The Humanities Research Institute at the University of Illinois Urbana-Champaign, supported by a grant from the Mellon Foundation, seeks to hire a Post-Doctoral Fellow for a one-year appointment commencing fall 2023. The search is open to scholars in all humanities disciplines, including the humanities-inflected social sciences, whose research interests lie in the area of community-based social justice and human rights. Areas of interest include, but are not limited to, community-based research in racial, im/migrant, and/or gender justice; public health; environmental justice; Indigenous sovereignty; and disability studies. Apply by November 28, 2022.
The Jackman Humanities Institute (JHI) at the University of Toronto is pleased to invite applications for a postdoctoral fellowship in New Media and Public Humanities. The fellow is expected to conduct active research on the theme of “Absence” and to propose, write, and publish innovative media projects that take humanities research into the public domain. Apply by November 30, 2022.
The Department of History at the University of Rochester invites applications for a tenure-track assistant professor of African American history to begin July 1, 2023. The department especially encourages applications from scholars with expertise in public and/or digital history.
The Department of Social Sciences and Historical Studies at Texas Woman’s University invites applicants for the full-time tenure-track position of Assistant Professor of History, beginning fall 2023. The successful applicant will be trained or experienced in Public History and qualified in American History, with a primary field in the 19th century, broadly defined. This position is open until filled.
Project Pericles seeks a new deputy director. Project Pericles is a higher education non-profit organization committed to fostering the next generation of civic leaders. Working with a consortium of colleges and universities, as well as many other higher education institutions, Project Pericles supports innovative curricula and faculty leadership that empower students with the skills to address society’s grand challenges, including: climate change, economic justice, education access, immigration, mass incarceration, race and inequality, public health, and voter engagement.
James Madison’s Montpelier is seeking a project director to lead their memorialization projects. This role will develop various multidisciplinary projects including archaeological, interpretation of the landscape, museum programs, historical interpretations of the Constitution, public history, civic engagement, and educational projects in a team environment. The Memorialization PD will oversee the Montpelier Descendants Committee, the Montpelier Foundation Memorialization project, and the Arc of Enslaved Communities Project, which seek to position the Montpelier Descendants Committee as national leaders in memorializing enslaved communities and immersively telling the whole truth of American history.
The Society of Architectural Historians (SAH) invites nominations and applications for the position of Executive Director. Established in 1940, SAH supports scholarly excellence in the field of architectural history, broadly defined in terms of topic and methodology, and promotes meaningful public engagement with the insights that emerge from that scholarship.

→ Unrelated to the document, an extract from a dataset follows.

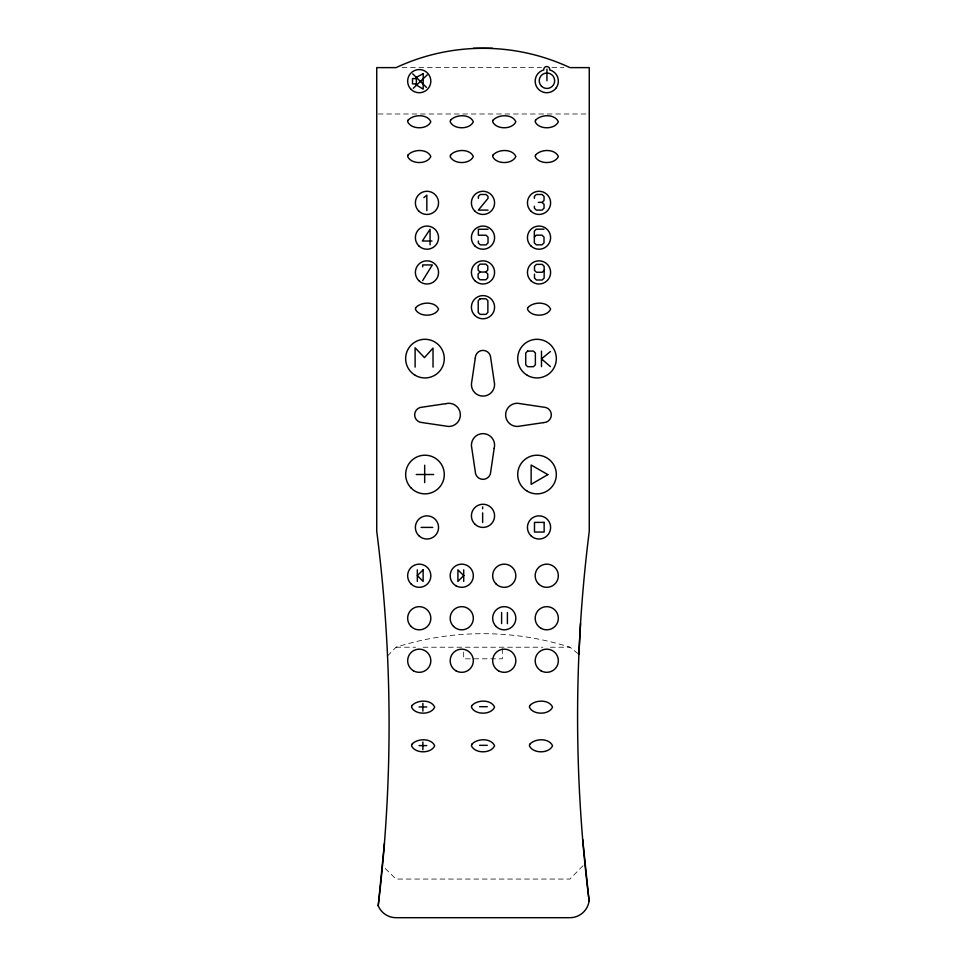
<?xml version="1.0" encoding="UTF-8"?>
<svg xmlns="http://www.w3.org/2000/svg" width="966" height="966" viewBox="0 0 966 966"><rect width="100%" height="100%" fill="white"/><g stroke="black" fill="none" stroke-linecap="round" stroke-linejoin="round"><path stroke-width="0.72" stroke-dasharray="4.83 3.62" d="M387.535 655.938L396.06 647.22A286.214 286.214 0 0 1 569.94 647.22L578.9 654.356M582.957 865.753L569.94 879.06L396.06 879.06L382.427 865.729M402.061 67.62L541.455 67.62M551.948 67.62L563.939 67.62M378.249 113.988L586.241 113.988M396.06 647.22L415.597 647.22M423.108 647.22L542.892 647.22M550.403 647.22L569.94 647.22M502.32 648.669L502.32 658.812L463.68 658.812L463.68 651.567"/><path stroke-width="1.45" d="M578.9 654.356L580.53 623.517M384.408 843.511L378.213 905.77A19.32 19.32 0 0 0 396.06 917.7L569.94 917.7A19.32 19.32 0 0 0 589.091 900.904A1478.849 1478.849 0 0 1 589.26 531.3L589.26 67.62L569.94 67.62A205.275 205.275 0 0 0 396.06 67.62L376.74 67.62L376.74 531.3A1517.96 1517.96 0 0 1 378.213 905.77M422.685 280.563L432.345 264.938L422.685 264.938L422.685 266.87M538.255 202.377L542.119 202.377L544.051 200.445L544.051 196.412L542.119 194.48L536.323 194.48L534.391 196.412L534.391 198.344M480.042 272.038L478.11 273.97L478.11 277.834L480.042 279.766L485.838 279.766L487.77 277.834L487.77 273.97L485.838 272.038L480.042 272.038L478.11 270.106L478.11 266.073L480.042 264.141L485.838 264.141L487.77 266.073L487.77 270.106L485.838 272.038M534.343 237.105L536.275 235.173L542.071 235.173L544.003 237.105L544.003 242.901L542.071 244.833L536.275 244.833L534.343 242.901L534.343 231.128L536.275 229.196L544.003 229.196M544.148 270.335L542.216 272.267L536.42 272.267L534.488 270.335L534.488 266.302L536.42 264.37L542.216 264.37L544.148 266.302L544.148 278.063L542.216 279.995L536.42 279.995L534.488 278.063L534.488 274.199M413.291 88.256L427.226 74.877M423.857 197.632L426.839 195.168L426.839 210.624M550.439 351.503L541.479 358.869L550.439 366.597M473.34 48.3L492.66 48.3M416.382 78.572L412.518 78.572L412.518 83.885L416.382 83.885M488.023 210.105L478.363 210.105L488.023 198.344L488.023 196.412L486.091 194.48L480.295 194.48L478.363 196.412L478.363 198.344M488.023 229.256L478.363 229.256L478.363 235.221L486.091 235.221L488.023 237.153L488.023 242.949L486.091 244.881L480.295 244.881L478.363 242.949L478.363 241.017M431.995 241.017L422.335 241.017L430.063 229.256L430.063 244.881M416.261 474.511L433.649 474.511M421.104 527.4L432.696 527.4M479.583 706.689L487.311 706.689M419.039 706.967L426.767 706.967M479.583 745.329L487.311 745.329M419.039 745.607L426.767 745.607M412.711 73.839L426.453 87.411M542.119 202.377L544.051 204.309L544.051 208.173L542.119 210.105L536.323 210.105L534.391 208.173L534.391 206.241M589.091 900.904L582.691 839.478M546.949 69.154L546.949 80.746M541.479 351.141L541.479 366.597M507.404 612.456L507.404 623.601M501.608 612.456L501.608 623.601M482.65 506.872L482.65 508.804M482.65 512.861L482.65 522.521M463.704 569.819L463.704 581.411M433.022 367.128L433.022 348.11L424.436 357.601L415.114 347.808L415.114 367.128M424.678 465.25L424.678 482.638M422.879 703.369L422.879 711.097M422.879 742.009L422.879 749.737M417.336 569.819L417.336 581.411M475.272 358.108L471.806 381.522A11.592 11.592 0 0 0 483 396.108A11.592 11.592 0 0 0 494.194 381.522L490.728 358.108A7.728 7.728 0 0 0 483 350.38A7.728 7.728 0 0 0 475.272 358.108M494.194 448.224L490.728 471.625A7.728 7.728 0 0 1 483 479.353A7.728 7.728 0 0 1 475.272 471.625L471.806 448.224A11.592 11.592 0 0 1 483 433.625A11.592 11.592 0 0 1 494.194 448.224M408.05 120.219L407.652 121.716C411.105 129.782 427.383 129.782 430.836 121.716C427.298 113.783 413.388 114.23 408.05 120.219M408.05 154.995L407.652 156.492C411.105 164.558 427.383 164.558 430.836 156.492C427.298 148.559 413.388 149.006 408.05 154.995M450.554 120.219L450.156 121.716C453.609 129.782 469.887 129.782 473.34 121.716C469.802 113.783 455.892 114.23 450.554 120.219M450.554 154.995L450.156 156.492C453.609 164.558 469.887 164.558 473.34 156.492C469.802 148.559 455.892 149.006 450.554 154.995M415.778 307.623L415.38 309.12C418.833 317.186 435.111 317.186 438.564 309.12C435.026 301.187 421.116 301.634 415.778 307.623M493.058 120.219L492.66 121.716C496.113 129.782 512.391 129.782 515.844 121.716C512.306 113.783 498.396 114.23 493.058 120.219M493.058 154.995L492.66 156.492C496.113 164.558 512.391 164.558 515.844 156.492C512.306 148.559 498.396 149.006 493.058 154.995M535.562 120.219L535.164 121.716C538.617 129.782 554.895 129.782 558.348 121.716C554.81 113.783 540.9 114.23 535.562 120.219M535.562 154.995L535.164 156.492C538.617 164.558 554.895 164.558 558.348 156.492C554.81 148.559 540.9 149.006 535.562 154.995M411.914 705.615L411.516 707.112C414.969 715.178 431.247 715.178 434.7 707.112C431.162 699.179 417.252 699.625 411.914 705.615M411.914 744.255L411.516 745.752C414.969 753.818 431.247 753.818 434.7 745.752C431.162 737.819 417.252 738.265 411.914 744.255M527.834 307.623L527.436 309.12C530.889 317.186 547.167 317.186 550.62 309.12C547.082 301.187 533.172 301.634 527.834 307.623M471.806 705.615L471.408 707.112C474.861 715.178 491.139 715.178 494.592 707.112C491.054 699.179 477.144 699.625 471.806 705.615M471.806 744.255L471.408 745.752C474.861 753.818 491.139 753.818 494.592 745.752C491.054 737.819 477.144 738.265 471.806 744.255M529.766 705.615L529.368 707.112C532.821 715.178 549.099 715.178 552.552 707.112C549.014 699.179 535.104 699.625 529.766 705.615M529.766 744.255L529.368 745.752C532.821 753.818 549.099 753.818 552.552 745.752C549.014 737.819 535.104 738.265 529.766 744.255M480.15 298.76L478.218 300.692L478.218 312.453L480.15 314.385L485.946 314.385L487.878 312.453L487.878 300.692L485.946 298.76L480.15 298.76M527.653 351.069L525.721 353.001L525.721 364.774L527.653 366.706L533.449 366.706L535.381 364.774L535.381 353.001L533.449 351.069L527.653 351.069M423.132 569.819L417.336 575.615L423.132 581.411L423.132 569.819M463.704 575.615L457.908 581.411L457.908 569.819L463.704 575.615M547.843 474.62L531.143 484.328L531.143 465.008L547.843 474.62M423.193 73.67L416.382 77.304L416.382 85.032L423.193 89.126L423.193 73.67M445.785 403.667L422.384 407.145A7.728 7.728 0 0 0 414.655 414.873A7.728 7.728 0 0 0 422.384 422.601L445.785 426.066A11.592 11.592 0 0 0 460.371 414.873A11.592 11.592 0 0 0 445.785 403.667M543.616 422.601L520.215 426.066A11.592 11.592 0 0 1 505.629 414.873A11.592 11.592 0 0 1 520.215 403.667L543.616 407.145A7.728 7.728 0 0 1 551.345 414.873A7.728 7.728 0 0 1 543.616 422.601M544.148 522.389L534.488 522.389L534.488 532.049L544.148 532.049L544.148 522.389M541.479 86.203A7.728 7.728 0 0 0 554.412 82.738A7.728 7.728 0 0 0 544.945 73.283A7.728 7.728 0 0 0 541.479 86.203M418.773 535.635A11.592 11.592 0 0 0 438.166 530.431A11.592 11.592 0 0 0 423.977 516.242A11.592 11.592 0 0 0 418.773 535.635M530.829 280.611A11.592 11.592 0 0 0 550.222 275.407A11.592 11.592 0 0 0 536.033 261.218A11.592 11.592 0 0 0 530.829 280.611M418.773 211.059A11.592 11.592 0 0 0 438.166 205.855A11.592 11.592 0 0 0 423.977 191.666A11.592 11.592 0 0 0 418.773 211.059M474.801 524.043A11.592 11.592 0 0 0 494.194 518.839A11.592 11.592 0 0 0 480.005 504.65A11.592 11.592 0 0 0 474.801 524.043M498.456 670.778A11.592 11.592 0 0 0 515.844 660.744A11.592 11.592 0 0 0 498.456 650.71A11.592 11.592 0 0 0 498.456 670.778M538.557 583.935A11.592 11.592 0 0 0 557.95 578.731A11.592 11.592 0 0 0 543.761 564.542A11.592 11.592 0 0 0 538.557 583.935M411.311 488.192A19.32 19.32 0 0 0 443.635 479.534A19.32 19.32 0 0 0 419.969 455.867A19.32 19.32 0 0 0 411.311 488.192M415.308 375.351A19.32 19.32 0 0 0 444.288 358.615A19.32 19.32 0 0 0 415.308 341.879A19.32 19.32 0 0 0 415.308 375.351M411.045 89.343A11.592 11.592 0 0 0 430.438 84.139A11.592 11.592 0 0 0 416.249 69.95A11.592 11.592 0 0 0 411.045 89.343M527.364 375.351A19.32 19.32 0 0 0 556.344 358.615A19.32 19.32 0 0 0 527.364 341.879A19.32 19.32 0 0 0 527.364 375.351M540.96 628.274A11.592 11.592 0 0 0 558.348 618.24A11.592 11.592 0 0 0 540.96 608.206A11.592 11.592 0 0 0 540.96 628.274M411.045 583.935A11.592 11.592 0 0 0 430.438 578.731A11.592 11.592 0 0 0 416.249 564.542A11.592 11.592 0 0 0 411.045 583.935M496.053 583.935A11.592 11.592 0 0 0 515.446 578.731A11.592 11.592 0 0 0 501.257 564.542A11.592 11.592 0 0 0 496.053 583.935M455.952 585.77A11.592 11.592 0 0 0 473.34 575.736A11.592 11.592 0 0 0 455.952 565.702A11.592 11.592 0 0 0 455.952 585.77M496.053 626.439A11.592 11.592 0 0 0 515.446 621.235A11.592 11.592 0 0 0 501.257 607.046A11.592 11.592 0 0 0 496.053 626.439M413.448 670.778A11.592 11.592 0 0 0 430.836 660.744A11.592 11.592 0 0 0 413.448 650.71A11.592 11.592 0 0 0 413.448 670.778M411.045 626.439A11.592 11.592 0 0 0 430.438 621.235A11.592 11.592 0 0 0 416.249 607.046A11.592 11.592 0 0 0 411.045 626.439M455.952 670.778A11.592 11.592 0 0 0 473.34 660.744A11.592 11.592 0 0 0 455.952 650.71A11.592 11.592 0 0 0 455.952 670.778M453.549 626.439A11.592 11.592 0 0 0 472.942 621.235A11.592 11.592 0 0 0 458.753 607.046A11.592 11.592 0 0 0 453.549 626.439M540.96 670.778A11.592 11.592 0 0 0 558.348 660.744A11.592 11.592 0 0 0 540.96 650.71A11.592 11.592 0 0 0 540.96 670.778M556.247 87.797A11.592 11.592 0 0 0 549.751 69.95A3.031 3.031 0 0 0 546.756 66.521A3.031 3.031 0 0 0 543.761 69.95A11.592 11.592 0 0 0 537.265 87.797A11.592 11.592 0 0 0 556.247 87.797M474.801 245.835A11.592 11.592 0 0 0 494.194 240.631A11.592 11.592 0 0 0 480.005 226.442A11.592 11.592 0 0 0 474.801 245.835M530.829 211.059A11.592 11.592 0 0 0 550.222 205.855A11.592 11.592 0 0 0 536.033 191.666A11.592 11.592 0 0 0 530.829 211.059M527.364 491.271A19.32 19.32 0 0 0 556.344 474.535A19.32 19.32 0 0 0 527.364 457.799A19.32 19.32 0 0 0 527.364 491.271M418.773 280.611A11.592 11.592 0 0 0 438.166 275.407A11.592 11.592 0 0 0 423.977 261.218A11.592 11.592 0 0 0 418.773 280.611M418.773 245.835A11.592 11.592 0 0 0 438.166 240.631A11.592 11.592 0 0 0 423.977 226.442A11.592 11.592 0 0 0 418.773 245.835M474.801 280.611A11.592 11.592 0 0 0 494.194 275.407A11.592 11.592 0 0 0 480.005 261.218A11.592 11.592 0 0 0 474.801 280.611M530.829 245.835A11.592 11.592 0 0 0 550.222 240.631A11.592 11.592 0 0 0 536.033 226.442A11.592 11.592 0 0 0 530.829 245.835M474.801 315.387A11.592 11.592 0 0 0 494.194 310.183A11.592 11.592 0 0 0 480.005 295.994A11.592 11.592 0 0 0 474.801 315.387M530.829 535.635A11.592 11.592 0 0 0 550.222 530.431A11.592 11.592 0 0 0 536.033 516.242A11.592 11.592 0 0 0 530.829 535.635M474.801 211.059A11.592 11.592 0 0 0 494.194 205.855A11.592 11.592 0 0 0 480.005 191.666A11.592 11.592 0 0 0 474.801 211.059"/></g></svg>

As always, check out the latest postings on the job boards for the National Council on Public History and the American Association for State and Local History, which provide lists of opportunities that might be of interest to those trained in the public humanities. Looking for job postings at state and jurisdictional humanities councils? Check out the Federation of State Humanities Councils careers page!
October Spotlight: Public Humanities Scholarship at the National Humanities Conference
Interested in where you can find conversations about public humanities scholarship at November’s National Humanities Conference in Los Angeles? See this (nonexhaustive!) roundup of relevant sessions and check out the full program for more information. Virtual sessions will be held November 3–4, with in-person sessions held November 9–12. Conference registration closes October 28, 2022.
“A Reckoning in Boston": The Clemente Course in Action (virtual)
The documentary A Reckoning in Boston (2021) has been viewed and discussed by thousands of academics, urban planners, social workers, community activists, and students, and has received great critical acclaim. Moderated by Clemente’s Executive Director, Lela Hilton, this panel brings together Kafi Dixon, Clemente graduate and co-producer of Reckoning, director James Rutenbeck, and Jack Cheng, Boston Clemente’s art history instructor for a conversation about the making of the film and its implications to public humanities programming.
Towards Reparative Public Humanities: A Roundtable with Slavery Descendant Movement Leaders (virtual)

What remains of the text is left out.